■ RECORDS SUPPLIED ■
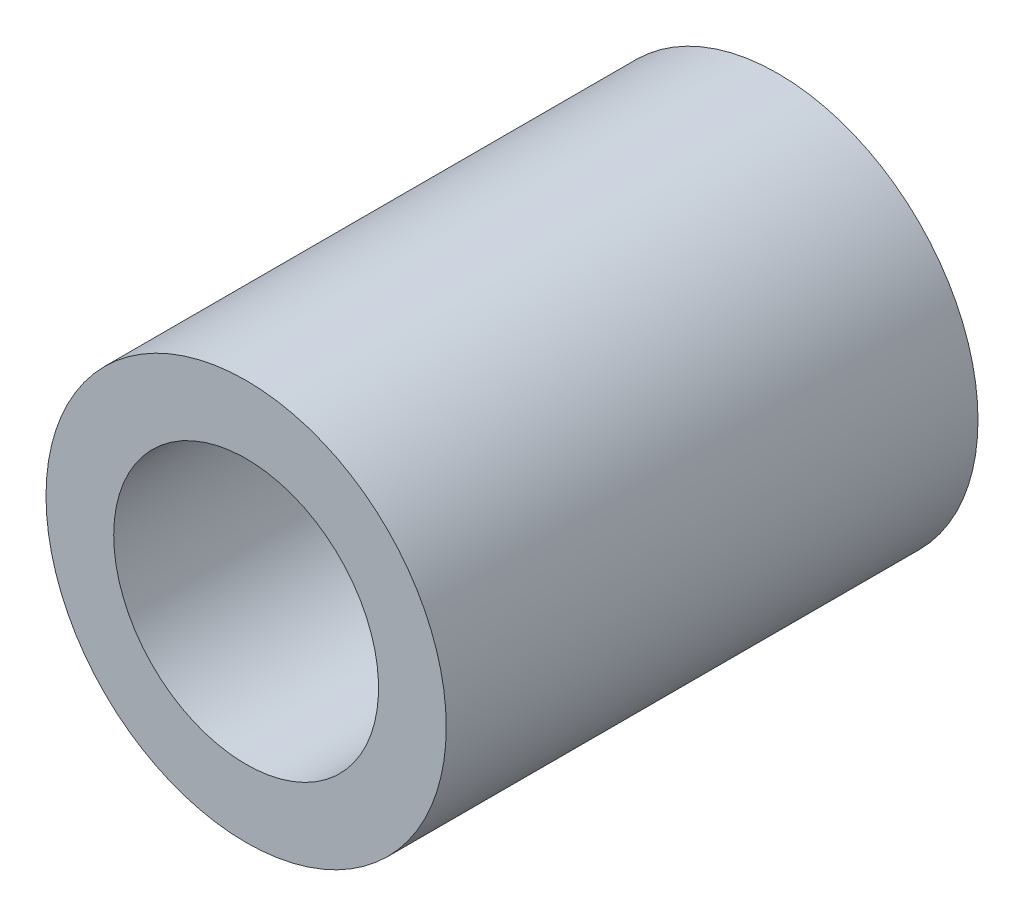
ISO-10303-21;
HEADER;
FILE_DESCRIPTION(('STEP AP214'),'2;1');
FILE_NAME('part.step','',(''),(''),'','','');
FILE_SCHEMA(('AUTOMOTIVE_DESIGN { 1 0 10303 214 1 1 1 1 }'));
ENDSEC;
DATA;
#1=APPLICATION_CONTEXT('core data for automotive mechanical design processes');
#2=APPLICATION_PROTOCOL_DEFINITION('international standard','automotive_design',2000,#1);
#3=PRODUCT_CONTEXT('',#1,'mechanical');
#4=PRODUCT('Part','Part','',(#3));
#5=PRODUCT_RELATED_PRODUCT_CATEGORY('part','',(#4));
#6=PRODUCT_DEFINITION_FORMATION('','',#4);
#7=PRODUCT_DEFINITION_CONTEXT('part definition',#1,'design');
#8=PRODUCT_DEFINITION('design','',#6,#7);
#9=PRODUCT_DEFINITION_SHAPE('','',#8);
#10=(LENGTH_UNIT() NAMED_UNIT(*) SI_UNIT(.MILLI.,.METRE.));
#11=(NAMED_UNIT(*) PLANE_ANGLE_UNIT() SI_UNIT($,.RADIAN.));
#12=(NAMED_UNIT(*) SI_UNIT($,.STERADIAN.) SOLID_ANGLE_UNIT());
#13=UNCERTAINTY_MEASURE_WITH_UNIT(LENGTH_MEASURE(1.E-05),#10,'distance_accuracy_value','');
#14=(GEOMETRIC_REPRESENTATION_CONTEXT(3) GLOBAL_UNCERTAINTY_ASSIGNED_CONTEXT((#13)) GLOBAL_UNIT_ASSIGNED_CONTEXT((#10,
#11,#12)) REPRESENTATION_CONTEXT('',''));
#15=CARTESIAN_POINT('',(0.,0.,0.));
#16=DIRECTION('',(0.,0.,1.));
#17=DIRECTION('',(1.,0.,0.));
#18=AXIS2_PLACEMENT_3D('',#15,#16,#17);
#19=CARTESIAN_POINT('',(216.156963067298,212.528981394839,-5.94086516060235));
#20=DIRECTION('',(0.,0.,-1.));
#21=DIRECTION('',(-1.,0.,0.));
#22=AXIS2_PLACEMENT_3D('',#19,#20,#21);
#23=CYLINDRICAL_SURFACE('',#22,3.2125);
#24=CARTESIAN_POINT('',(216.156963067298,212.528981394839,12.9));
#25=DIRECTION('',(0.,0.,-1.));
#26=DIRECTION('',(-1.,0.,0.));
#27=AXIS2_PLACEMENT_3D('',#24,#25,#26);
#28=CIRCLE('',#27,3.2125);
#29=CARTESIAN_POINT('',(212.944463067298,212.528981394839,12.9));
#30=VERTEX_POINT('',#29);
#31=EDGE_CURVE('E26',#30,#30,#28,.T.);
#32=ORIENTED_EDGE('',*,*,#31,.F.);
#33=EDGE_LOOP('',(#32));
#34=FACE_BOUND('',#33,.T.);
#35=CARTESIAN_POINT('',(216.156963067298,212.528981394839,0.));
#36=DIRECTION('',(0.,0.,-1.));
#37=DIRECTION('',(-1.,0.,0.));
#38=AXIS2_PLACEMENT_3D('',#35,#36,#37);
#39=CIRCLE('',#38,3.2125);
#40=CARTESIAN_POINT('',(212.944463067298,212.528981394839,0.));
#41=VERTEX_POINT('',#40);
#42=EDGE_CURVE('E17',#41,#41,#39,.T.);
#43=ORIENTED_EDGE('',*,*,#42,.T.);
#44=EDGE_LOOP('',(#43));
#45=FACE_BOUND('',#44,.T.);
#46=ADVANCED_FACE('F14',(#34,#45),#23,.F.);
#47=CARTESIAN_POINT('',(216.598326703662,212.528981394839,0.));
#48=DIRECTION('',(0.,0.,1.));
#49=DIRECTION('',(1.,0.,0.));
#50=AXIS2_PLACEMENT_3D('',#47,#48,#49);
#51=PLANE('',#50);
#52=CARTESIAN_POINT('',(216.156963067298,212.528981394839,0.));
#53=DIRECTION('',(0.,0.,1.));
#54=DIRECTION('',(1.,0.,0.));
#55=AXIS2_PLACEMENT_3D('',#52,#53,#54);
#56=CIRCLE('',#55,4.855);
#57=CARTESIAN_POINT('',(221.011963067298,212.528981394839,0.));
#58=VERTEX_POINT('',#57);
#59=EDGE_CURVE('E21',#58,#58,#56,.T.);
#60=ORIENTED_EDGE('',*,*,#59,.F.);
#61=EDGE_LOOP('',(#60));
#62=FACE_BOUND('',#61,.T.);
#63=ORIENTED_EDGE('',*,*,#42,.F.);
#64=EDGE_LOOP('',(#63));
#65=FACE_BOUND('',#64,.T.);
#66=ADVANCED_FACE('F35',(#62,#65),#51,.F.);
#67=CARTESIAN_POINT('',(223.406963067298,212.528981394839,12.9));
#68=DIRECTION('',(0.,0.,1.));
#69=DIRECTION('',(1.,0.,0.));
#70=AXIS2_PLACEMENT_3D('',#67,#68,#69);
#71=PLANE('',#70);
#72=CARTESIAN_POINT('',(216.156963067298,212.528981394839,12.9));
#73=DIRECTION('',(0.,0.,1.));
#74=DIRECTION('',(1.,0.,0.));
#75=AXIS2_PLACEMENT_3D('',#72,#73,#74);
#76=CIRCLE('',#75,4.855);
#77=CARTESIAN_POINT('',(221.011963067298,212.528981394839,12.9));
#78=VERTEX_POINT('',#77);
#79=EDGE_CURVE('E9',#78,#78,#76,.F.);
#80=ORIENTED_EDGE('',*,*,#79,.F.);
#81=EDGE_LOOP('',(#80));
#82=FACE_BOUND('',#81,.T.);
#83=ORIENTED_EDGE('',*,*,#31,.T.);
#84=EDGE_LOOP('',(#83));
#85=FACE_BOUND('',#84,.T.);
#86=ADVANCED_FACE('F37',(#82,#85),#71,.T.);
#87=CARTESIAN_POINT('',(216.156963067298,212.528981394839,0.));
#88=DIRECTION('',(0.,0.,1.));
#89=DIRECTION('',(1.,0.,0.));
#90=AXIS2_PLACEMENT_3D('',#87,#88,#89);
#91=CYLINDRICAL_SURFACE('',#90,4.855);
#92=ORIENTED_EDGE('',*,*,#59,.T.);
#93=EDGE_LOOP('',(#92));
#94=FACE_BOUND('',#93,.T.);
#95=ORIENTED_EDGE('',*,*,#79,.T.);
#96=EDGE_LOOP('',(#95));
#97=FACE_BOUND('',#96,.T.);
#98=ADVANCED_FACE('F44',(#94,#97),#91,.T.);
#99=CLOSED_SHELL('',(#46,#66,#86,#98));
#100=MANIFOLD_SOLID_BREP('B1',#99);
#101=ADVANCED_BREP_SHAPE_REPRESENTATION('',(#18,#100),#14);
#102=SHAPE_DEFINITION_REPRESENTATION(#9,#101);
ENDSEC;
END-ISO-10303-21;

■ ABOUT THIS TASK ■
Go back to the entries above and restate word for word every line from the first through the one that contains "#26=DIRECTION('',(-1.,0.,0.));", leaving the pictures behind.

■ SOLUTION TO THIS TASK ■
ISO-10303-21;
HEADER;
FILE_DESCRIPTION(('STEP AP214'),'2;1');
FILE_NAME('part.step','',(''),(''),'','','');
FILE_SCHEMA(('AUTOMOTIVE_DESIGN { 1 0 10303 214 1 1 1 1 }'));
ENDSEC;
DATA;
#1=APPLICATION_CONTEXT('core data for automotive mechanical design processes');
#2=APPLICATION_PROTOCOL_DEFINITION('international standard','automotive_design',2000,#1);
#3=PRODUCT_CONTEXT('',#1,'mechanical');
#4=PRODUCT('Part','Part','',(#3));
#5=PRODUCT_RELATED_PRODUCT_CATEGORY('part','',(#4));
#6=PRODUCT_DEFINITION_FORMATION('','',#4);
#7=PRODUCT_DEFINITION_CONTEXT('part definition',#1,'design');
#8=PRODUCT_DEFINITION('design','',#6,#7);
#9=PRODUCT_DEFINITION_SHAPE('','',#8);
#10=(LENGTH_UNIT() NAMED_UNIT(*) SI_UNIT(.MILLI.,.METRE.));
#11=(NAMED_UNIT(*) PLANE_ANGLE_UNIT() SI_UNIT($,.RADIAN.));
#12=(NAMED_UNIT(*) SI_UNIT($,.STERADIAN.) SOLID_ANGLE_UNIT());
#13=UNCERTAINTY_MEASURE_WITH_UNIT(LENGTH_MEASURE(1.E-05),#10,'distance_accuracy_value','');
#14=(GEOMETRIC_REPRESENTATION_CONTEXT(3) GLOBAL_UNCERTAINTY_ASSIGNED_CONTEXT((#13)) GLOBAL_UNIT_ASSIGNED_CONTEXT((#10,
#11,#12)) REPRESENTATION_CONTEXT('',''));
#15=CARTESIAN_POINT('',(0.,0.,0.));
#16=DIRECTION('',(0.,0.,1.));
#17=DIRECTION('',(1.,0.,0.));
#18=AXIS2_PLACEMENT_3D('',#15,#16,#17);
#19=CARTESIAN_POINT('',(216.156963067298,212.528981394839,-5.94086516060235));
#20=DIRECTION('',(0.,0.,-1.));
#21=DIRECTION('',(-1.,0.,0.));
#22=AXIS2_PLACEMENT_3D('',#19,#20,#21);
#23=CYLINDRICAL_SURFACE('',#22,3.2125);
#24=CARTESIAN_POINT('',(216.156963067298,212.528981394839,12.9));
#25=DIRECTION('',(0.,0.,-1.));
#26=DIRECTION('',(-1.,0.,0.));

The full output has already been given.